For the data below, report how many lines contain the string "Fusion" and write nothing more.
Start of DATA PROVIDED
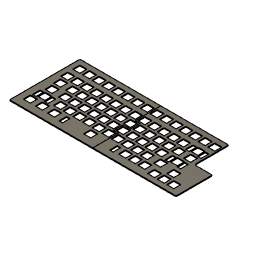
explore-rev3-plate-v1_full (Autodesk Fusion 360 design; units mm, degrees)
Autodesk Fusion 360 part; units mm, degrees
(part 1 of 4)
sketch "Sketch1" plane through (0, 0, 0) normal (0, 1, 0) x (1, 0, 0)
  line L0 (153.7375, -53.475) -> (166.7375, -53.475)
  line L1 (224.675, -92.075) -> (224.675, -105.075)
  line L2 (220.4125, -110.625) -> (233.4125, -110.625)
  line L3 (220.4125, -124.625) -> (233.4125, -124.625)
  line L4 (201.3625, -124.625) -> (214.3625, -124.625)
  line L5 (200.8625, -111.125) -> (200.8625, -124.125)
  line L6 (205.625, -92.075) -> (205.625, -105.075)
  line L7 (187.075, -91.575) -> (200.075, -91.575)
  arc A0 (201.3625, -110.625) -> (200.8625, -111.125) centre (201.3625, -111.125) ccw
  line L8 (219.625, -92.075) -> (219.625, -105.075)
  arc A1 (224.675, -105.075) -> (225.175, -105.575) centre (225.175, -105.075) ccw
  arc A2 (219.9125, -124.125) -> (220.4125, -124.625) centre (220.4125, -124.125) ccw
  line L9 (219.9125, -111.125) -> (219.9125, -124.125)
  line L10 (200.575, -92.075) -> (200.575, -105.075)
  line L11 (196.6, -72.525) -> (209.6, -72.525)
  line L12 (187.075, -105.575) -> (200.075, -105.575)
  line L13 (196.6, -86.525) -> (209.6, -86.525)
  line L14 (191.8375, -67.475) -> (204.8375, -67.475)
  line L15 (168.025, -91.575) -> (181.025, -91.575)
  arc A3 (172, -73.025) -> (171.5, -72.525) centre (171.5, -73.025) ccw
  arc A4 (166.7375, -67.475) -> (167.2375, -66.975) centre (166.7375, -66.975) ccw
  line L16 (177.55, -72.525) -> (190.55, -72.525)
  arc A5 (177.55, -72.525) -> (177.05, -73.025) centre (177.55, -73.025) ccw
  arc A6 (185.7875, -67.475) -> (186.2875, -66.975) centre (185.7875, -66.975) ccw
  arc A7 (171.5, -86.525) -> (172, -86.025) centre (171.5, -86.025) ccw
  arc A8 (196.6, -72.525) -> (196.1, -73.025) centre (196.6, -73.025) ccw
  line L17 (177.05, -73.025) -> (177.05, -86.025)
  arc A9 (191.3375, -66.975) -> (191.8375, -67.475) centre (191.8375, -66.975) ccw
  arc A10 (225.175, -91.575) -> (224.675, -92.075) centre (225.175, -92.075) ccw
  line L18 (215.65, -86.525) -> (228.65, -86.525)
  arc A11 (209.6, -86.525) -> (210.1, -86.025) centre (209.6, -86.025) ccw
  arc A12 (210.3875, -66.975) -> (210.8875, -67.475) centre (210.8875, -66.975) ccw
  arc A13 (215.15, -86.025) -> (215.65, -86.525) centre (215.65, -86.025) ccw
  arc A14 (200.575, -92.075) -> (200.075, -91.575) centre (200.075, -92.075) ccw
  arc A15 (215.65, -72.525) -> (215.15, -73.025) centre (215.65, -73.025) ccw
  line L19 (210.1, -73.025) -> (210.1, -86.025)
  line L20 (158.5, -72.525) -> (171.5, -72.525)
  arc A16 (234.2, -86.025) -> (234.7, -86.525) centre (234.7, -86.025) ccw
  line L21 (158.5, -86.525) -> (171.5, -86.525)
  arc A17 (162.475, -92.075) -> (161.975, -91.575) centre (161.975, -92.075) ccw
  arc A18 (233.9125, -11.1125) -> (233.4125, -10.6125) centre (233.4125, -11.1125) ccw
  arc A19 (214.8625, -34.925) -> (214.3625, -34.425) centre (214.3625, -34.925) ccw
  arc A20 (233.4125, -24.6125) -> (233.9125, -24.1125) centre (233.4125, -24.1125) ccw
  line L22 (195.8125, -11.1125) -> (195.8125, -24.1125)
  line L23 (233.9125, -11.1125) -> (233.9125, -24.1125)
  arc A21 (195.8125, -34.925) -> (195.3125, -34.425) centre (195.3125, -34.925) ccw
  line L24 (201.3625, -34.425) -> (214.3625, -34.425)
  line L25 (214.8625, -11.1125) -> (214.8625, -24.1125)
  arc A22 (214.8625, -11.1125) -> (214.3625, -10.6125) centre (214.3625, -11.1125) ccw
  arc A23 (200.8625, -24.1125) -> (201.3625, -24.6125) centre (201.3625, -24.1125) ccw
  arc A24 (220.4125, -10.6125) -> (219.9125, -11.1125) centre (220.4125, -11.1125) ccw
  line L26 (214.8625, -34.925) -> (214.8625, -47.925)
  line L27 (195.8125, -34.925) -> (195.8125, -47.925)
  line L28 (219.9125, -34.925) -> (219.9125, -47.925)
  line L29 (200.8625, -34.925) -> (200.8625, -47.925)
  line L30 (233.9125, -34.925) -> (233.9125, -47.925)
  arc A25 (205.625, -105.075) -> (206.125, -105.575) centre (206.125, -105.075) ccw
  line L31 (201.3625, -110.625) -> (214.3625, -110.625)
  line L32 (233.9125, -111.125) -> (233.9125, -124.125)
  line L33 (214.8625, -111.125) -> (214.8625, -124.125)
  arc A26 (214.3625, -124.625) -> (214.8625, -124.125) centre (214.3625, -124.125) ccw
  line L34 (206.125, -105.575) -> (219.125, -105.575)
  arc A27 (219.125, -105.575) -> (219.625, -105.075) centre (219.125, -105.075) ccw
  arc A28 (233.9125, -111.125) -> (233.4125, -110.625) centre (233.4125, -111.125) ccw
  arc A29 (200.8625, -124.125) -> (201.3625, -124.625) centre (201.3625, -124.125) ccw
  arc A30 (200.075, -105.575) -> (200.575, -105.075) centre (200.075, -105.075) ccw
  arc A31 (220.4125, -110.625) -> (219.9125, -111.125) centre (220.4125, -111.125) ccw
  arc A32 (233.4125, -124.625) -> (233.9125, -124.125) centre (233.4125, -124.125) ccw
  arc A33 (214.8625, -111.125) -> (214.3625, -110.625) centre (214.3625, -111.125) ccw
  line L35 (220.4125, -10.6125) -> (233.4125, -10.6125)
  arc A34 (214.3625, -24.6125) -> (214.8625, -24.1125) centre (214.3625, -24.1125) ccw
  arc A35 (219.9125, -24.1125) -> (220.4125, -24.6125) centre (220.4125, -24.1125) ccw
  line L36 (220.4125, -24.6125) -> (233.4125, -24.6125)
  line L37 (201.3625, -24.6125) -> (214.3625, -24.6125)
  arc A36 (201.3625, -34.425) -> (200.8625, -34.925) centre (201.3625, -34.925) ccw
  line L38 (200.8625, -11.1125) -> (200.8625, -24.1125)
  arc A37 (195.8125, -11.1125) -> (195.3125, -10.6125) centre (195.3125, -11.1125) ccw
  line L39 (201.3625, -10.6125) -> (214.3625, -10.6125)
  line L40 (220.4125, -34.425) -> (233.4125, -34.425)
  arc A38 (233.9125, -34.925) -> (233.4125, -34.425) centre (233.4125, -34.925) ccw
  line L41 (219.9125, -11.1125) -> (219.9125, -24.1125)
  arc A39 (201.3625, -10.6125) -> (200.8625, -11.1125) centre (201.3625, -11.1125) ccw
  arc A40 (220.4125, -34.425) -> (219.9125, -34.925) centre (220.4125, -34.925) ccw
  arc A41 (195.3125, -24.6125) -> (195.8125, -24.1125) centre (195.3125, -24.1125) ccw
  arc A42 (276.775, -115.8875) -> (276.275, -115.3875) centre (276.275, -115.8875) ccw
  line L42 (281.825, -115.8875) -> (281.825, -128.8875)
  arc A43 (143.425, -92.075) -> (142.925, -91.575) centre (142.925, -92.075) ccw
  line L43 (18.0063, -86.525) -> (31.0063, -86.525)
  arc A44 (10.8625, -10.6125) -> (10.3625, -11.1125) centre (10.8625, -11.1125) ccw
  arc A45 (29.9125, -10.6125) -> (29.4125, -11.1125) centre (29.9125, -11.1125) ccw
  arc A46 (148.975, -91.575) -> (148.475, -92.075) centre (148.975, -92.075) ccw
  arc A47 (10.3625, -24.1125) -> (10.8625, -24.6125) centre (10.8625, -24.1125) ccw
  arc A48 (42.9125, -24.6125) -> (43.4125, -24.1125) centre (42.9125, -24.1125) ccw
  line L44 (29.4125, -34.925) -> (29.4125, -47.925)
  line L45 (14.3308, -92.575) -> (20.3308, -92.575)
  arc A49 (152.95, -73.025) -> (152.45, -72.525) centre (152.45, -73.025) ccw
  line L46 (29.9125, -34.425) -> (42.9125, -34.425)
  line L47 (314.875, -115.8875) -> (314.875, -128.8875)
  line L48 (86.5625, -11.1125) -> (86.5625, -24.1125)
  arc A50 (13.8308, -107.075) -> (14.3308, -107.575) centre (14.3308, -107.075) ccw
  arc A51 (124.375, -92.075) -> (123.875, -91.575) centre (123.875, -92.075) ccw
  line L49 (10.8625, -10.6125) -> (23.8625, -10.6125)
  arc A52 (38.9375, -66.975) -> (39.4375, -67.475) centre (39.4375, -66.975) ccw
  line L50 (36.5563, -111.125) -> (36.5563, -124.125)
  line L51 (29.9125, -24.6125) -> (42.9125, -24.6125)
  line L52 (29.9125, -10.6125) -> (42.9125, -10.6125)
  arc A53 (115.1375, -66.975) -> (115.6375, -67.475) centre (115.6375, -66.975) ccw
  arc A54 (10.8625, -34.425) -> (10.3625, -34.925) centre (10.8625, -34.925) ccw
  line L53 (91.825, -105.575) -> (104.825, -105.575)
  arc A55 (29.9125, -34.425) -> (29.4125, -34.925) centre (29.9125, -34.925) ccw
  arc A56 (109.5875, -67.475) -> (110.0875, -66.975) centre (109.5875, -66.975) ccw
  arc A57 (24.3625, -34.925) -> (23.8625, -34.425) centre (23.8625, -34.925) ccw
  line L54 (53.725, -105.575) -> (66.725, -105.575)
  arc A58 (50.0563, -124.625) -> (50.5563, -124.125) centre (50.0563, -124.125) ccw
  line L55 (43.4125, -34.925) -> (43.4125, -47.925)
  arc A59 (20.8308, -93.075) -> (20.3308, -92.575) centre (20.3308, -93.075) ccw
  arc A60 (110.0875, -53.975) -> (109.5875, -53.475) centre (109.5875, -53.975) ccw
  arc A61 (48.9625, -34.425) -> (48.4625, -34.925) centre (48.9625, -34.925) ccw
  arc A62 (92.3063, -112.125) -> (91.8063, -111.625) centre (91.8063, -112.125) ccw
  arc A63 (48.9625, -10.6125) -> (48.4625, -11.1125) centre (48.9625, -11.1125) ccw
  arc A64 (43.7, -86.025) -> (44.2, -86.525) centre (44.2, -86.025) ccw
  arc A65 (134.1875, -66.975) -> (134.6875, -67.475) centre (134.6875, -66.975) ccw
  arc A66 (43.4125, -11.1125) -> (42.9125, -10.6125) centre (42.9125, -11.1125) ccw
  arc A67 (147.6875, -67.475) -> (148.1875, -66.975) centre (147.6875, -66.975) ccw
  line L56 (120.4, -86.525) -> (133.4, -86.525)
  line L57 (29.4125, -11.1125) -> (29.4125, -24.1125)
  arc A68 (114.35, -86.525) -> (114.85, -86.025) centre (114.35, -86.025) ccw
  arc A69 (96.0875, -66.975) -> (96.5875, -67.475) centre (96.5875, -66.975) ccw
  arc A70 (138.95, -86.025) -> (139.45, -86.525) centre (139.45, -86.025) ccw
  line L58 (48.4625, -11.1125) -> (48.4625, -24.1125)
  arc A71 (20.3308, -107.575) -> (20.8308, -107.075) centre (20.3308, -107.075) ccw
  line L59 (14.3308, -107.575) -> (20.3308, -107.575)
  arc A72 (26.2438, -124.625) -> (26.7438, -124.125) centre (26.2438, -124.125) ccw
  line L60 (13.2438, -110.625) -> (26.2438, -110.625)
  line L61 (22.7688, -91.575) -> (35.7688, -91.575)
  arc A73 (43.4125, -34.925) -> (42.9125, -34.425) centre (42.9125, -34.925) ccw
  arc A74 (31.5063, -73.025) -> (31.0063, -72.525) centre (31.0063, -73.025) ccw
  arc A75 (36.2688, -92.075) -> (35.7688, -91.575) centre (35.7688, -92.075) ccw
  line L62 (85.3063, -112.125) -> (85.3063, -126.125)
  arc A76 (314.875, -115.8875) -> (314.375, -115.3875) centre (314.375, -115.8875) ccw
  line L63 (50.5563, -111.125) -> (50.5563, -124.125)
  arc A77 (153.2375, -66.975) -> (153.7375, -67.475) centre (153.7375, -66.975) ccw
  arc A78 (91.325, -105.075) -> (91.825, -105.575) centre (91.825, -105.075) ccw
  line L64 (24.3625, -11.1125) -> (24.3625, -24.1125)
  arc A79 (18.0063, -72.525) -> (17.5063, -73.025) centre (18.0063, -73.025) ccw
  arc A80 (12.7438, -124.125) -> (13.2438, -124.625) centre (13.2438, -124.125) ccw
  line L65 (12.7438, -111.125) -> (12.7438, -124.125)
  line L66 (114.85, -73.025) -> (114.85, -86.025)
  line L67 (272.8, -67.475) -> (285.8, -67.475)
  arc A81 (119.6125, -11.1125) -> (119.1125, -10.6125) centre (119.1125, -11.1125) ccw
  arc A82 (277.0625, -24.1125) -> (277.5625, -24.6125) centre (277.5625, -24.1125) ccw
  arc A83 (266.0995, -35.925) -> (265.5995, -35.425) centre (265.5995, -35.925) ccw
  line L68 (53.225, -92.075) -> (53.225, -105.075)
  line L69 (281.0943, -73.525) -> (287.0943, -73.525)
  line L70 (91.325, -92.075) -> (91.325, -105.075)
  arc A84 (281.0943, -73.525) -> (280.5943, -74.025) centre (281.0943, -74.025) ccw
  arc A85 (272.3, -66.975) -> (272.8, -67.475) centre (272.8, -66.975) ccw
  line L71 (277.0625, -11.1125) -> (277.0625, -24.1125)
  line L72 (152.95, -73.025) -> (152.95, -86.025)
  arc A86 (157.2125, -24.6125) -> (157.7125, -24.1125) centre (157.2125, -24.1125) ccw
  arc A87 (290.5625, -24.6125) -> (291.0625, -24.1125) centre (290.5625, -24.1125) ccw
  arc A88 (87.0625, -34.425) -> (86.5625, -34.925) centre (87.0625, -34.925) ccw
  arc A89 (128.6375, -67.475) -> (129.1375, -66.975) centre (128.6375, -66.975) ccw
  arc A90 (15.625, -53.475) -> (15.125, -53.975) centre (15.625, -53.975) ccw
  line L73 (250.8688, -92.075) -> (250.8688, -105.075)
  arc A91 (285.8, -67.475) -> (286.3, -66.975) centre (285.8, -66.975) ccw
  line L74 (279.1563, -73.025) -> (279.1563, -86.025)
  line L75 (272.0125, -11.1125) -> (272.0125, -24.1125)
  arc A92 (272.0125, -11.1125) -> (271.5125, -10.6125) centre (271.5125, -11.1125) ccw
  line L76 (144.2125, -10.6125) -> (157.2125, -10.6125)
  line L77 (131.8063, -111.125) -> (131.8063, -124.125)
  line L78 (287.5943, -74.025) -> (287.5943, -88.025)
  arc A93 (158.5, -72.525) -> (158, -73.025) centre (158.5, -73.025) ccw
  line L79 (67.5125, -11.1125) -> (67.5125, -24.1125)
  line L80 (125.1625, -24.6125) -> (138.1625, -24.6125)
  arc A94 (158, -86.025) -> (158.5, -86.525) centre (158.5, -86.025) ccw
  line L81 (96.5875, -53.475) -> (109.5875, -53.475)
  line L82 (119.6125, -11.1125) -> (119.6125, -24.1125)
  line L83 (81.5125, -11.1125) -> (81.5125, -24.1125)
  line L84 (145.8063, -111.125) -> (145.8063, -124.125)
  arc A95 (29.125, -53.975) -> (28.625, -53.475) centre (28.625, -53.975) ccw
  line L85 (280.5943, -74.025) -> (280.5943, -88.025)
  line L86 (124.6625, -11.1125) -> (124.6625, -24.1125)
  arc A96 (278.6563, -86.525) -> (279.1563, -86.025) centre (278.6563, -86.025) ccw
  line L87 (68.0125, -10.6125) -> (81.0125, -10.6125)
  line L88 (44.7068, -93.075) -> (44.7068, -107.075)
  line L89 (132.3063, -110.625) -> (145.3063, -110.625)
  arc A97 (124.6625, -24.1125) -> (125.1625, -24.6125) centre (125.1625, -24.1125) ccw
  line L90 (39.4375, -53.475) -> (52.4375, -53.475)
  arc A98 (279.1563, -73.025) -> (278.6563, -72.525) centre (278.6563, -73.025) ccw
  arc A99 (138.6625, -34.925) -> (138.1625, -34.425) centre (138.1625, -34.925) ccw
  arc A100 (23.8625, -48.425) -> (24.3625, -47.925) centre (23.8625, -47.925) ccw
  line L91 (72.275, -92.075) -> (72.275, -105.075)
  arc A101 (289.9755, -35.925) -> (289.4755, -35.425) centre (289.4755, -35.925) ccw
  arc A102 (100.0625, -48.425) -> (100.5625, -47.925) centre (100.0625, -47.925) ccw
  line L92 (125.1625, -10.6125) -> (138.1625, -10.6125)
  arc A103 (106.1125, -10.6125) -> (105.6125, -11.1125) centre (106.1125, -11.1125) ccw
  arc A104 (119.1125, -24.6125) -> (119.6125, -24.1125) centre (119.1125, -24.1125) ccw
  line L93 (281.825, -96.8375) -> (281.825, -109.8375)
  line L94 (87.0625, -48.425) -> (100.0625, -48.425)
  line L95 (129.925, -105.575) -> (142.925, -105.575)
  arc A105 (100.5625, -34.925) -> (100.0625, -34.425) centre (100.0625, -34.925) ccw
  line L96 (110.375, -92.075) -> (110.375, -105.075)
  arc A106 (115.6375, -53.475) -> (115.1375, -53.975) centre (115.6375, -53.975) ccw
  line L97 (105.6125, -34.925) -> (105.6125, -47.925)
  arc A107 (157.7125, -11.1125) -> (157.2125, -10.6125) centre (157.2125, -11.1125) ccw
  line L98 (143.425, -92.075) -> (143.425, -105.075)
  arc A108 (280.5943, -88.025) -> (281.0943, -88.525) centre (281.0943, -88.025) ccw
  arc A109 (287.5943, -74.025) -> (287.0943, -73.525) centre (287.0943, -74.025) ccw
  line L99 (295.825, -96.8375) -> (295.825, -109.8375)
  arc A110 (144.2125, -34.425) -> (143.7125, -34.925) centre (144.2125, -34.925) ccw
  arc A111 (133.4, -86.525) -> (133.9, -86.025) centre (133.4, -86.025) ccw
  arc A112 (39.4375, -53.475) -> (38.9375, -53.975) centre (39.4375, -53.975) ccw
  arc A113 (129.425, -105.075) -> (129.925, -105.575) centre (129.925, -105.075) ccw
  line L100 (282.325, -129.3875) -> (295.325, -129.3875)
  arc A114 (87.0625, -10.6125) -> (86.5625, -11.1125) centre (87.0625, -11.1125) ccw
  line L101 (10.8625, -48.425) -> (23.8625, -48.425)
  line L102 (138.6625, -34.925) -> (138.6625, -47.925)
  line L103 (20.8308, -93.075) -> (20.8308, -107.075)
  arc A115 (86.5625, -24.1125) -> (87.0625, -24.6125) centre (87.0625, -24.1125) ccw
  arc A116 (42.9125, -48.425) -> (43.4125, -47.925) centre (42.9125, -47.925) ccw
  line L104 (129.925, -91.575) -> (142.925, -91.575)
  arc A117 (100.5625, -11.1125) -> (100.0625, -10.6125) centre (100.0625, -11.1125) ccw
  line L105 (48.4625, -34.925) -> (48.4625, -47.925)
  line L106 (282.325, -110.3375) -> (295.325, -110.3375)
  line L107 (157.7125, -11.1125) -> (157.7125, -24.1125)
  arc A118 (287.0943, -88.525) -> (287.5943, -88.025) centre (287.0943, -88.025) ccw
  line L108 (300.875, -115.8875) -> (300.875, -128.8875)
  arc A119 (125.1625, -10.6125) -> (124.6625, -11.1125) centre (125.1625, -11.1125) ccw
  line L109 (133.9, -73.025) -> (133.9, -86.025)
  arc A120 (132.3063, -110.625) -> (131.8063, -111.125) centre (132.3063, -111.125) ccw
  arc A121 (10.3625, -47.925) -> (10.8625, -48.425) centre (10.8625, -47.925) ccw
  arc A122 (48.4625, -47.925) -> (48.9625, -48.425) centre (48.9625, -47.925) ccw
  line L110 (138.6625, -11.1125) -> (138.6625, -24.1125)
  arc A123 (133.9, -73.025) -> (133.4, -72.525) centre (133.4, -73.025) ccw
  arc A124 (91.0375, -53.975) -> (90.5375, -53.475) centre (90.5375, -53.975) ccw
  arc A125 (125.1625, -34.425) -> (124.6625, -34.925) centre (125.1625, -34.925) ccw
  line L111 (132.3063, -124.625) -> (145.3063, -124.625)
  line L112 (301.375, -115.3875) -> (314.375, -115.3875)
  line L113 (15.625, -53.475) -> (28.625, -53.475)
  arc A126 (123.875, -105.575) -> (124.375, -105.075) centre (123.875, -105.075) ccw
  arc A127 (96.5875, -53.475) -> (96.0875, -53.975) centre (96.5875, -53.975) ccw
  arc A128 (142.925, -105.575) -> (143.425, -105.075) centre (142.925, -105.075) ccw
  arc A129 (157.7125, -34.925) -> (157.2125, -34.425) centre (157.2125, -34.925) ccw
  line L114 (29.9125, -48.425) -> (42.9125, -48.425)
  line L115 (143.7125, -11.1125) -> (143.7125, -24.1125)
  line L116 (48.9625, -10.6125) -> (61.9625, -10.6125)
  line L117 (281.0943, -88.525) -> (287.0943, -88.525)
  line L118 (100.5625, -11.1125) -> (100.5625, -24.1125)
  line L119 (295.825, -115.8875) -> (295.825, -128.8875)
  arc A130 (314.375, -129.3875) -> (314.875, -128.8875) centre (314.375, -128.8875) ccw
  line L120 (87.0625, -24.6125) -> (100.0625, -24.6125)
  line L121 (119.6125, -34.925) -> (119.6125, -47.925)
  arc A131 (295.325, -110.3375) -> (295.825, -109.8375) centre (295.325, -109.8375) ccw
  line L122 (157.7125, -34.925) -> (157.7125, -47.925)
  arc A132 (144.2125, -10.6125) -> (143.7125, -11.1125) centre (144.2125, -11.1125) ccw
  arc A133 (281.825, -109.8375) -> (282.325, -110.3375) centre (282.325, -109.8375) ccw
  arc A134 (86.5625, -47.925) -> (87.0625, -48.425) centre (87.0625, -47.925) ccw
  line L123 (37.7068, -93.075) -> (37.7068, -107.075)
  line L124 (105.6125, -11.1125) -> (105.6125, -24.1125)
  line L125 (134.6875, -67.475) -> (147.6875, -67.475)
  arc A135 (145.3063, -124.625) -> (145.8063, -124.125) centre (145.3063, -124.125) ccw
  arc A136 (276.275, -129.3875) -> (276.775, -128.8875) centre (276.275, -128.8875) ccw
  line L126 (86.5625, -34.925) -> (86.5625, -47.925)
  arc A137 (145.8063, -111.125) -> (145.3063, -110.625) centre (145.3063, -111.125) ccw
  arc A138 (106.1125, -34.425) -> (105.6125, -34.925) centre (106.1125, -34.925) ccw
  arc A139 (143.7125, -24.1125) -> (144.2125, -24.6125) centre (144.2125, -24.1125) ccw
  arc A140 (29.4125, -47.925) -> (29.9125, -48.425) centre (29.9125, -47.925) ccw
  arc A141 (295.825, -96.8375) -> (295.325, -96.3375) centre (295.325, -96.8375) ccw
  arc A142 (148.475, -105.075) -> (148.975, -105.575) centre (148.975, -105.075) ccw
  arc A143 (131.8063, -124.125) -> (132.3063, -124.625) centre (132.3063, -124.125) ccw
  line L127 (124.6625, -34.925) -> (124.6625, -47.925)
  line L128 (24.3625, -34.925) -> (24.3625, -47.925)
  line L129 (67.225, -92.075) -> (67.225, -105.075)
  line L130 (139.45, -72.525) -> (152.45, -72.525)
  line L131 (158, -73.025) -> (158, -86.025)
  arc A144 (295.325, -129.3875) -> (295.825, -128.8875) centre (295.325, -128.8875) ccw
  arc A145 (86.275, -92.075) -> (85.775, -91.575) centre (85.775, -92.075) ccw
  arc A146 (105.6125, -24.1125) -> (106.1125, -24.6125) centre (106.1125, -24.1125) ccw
End of DATA PROVIDED
ANSWER TO THE PROBLEM
2